Ich benutze z.B die FritzBox 7170 und die 7141 (älter aber noch tauglich  ) um den Zugang über WLAN zu realisieren. Die Boxen verbinde ich über Ethernet mit dem LAN und konfiguriere sie als Access-Point.
Bei der 7141 beispielsweise kannst du im Konfigurationsmenü (Internet->Zugangsdaten) einstellen das ein vorhandener Internetzugang (z.B. LAN) mitbenutzt wird. Dann musst Du noch die entsprechenden Daten wie IP-Adresse der Box und die Standardgateways, DNS Server usw. in der Box eintragen.

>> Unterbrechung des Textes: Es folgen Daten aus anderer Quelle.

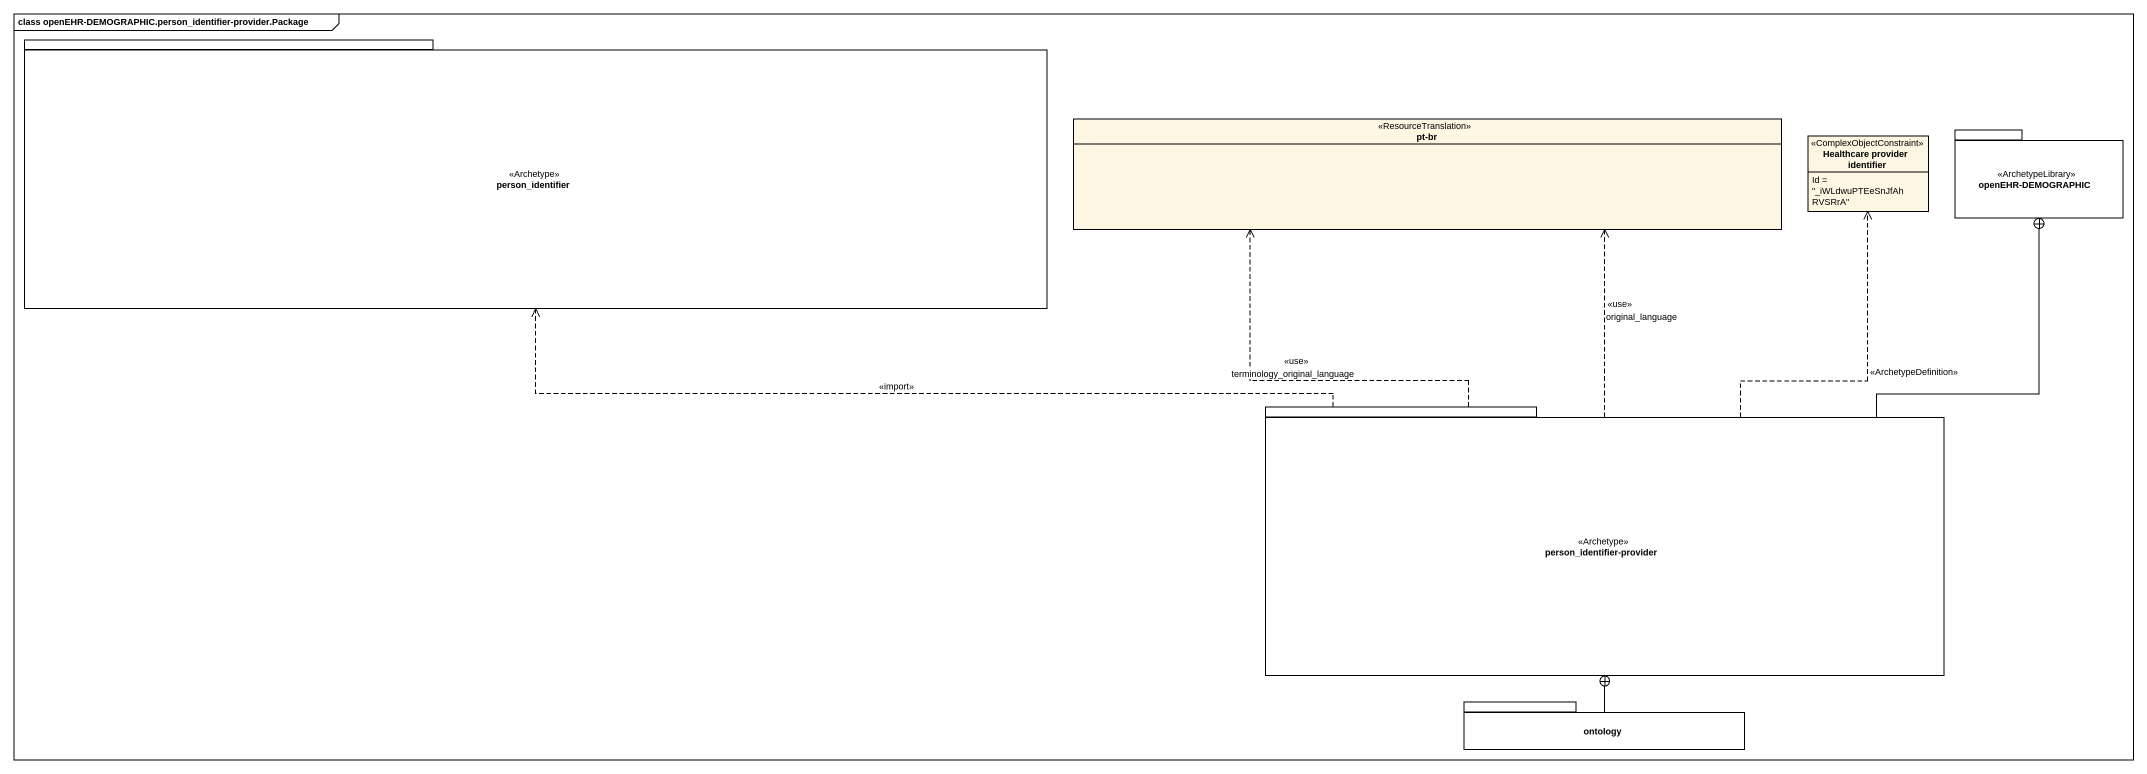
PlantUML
@startuml
mainframe class openEHR-DEMOGRAPHIC.person_identifier-provider.Package
hide circle
hide empty members
package person_identifier <<Archetype>> {
}
enum "pt-br" as pt_br <<ResourceTranslation>>
class "Healthcare provider identifier" as Healthcare_provider <<ComplexObjectConstraint>> {
  Id = "_iWLdwuPTEeSnJfAhRVSRrA"
}
package "openEHR-DEMOGRAPHIC" as openEHR_DEMOGRAPHIC <<ArchetypeLibrary>> {
}
package "person_identifier-provider" as person_identifier_provider <<Archetype>> {
}
package ontology {
}
person_identifier_provider .left.> person_identifier : <<import>>
person_identifier_provider .up.> pt_br : <<use>>\nterminology_original_language
person_identifier_provider .up.> pt_br : <<use>>\noriginal_language
person_identifier_provider .up.> Healthcare_provider : <<ArchetypeDefinition>>
person_identifier_provider -up-+ openEHR_DEMOGRAPHIC
ontology -up-+ person_identifier_provider
@enduml

Bis auf die IP-Adresse kannst du das z.B. aus deinem Computer abschreiben.
Wichtig ist noch, dass Du das WLAN sicherst. Die 7141 unterstützt hierzu auch WPA2. Wenn Du noch mehr Hilfe benötigst einfach konkrete Fragen stellen.

Grüße Baske


----------



## Pikus (21. Januar 2012)

Ah, okay. Als WLAN-Gerät reicht also ein normaler Router? Gut, dann werd ich das mal Probieren und wenn ich Probleme haben sollte, schreib ich nochmal.

Danke


----------



## dj*viper (21. Januar 2012)

im marktplatz hab ich eine Fritz! Box Fon WLAN 7141 zum verkauf stehen.
http://extreme.pcgameshardware.de/v...on-wlan-7141-antec-tricool-luefter-120mm.html
vllt wär das was für dich.


----------



## Pikus (21. Januar 2012)

Hört sich gut an, ich werd das nochmal mit meinen eltern bequatschen (die bezahlen das immerhin^^) und melde mich dann bei dir


----------



## dj*viper (21. Januar 2012)

alles klar


----------



## baske (22. Januar 2012)

@Davins, wenn du die 7141 besorgt  hast und weitere Hilfe bei der Einrichtung braucht, kann ich auch Screenshots von den wichtigen Konfig-Seiten machen. Sag Bescheid !


----------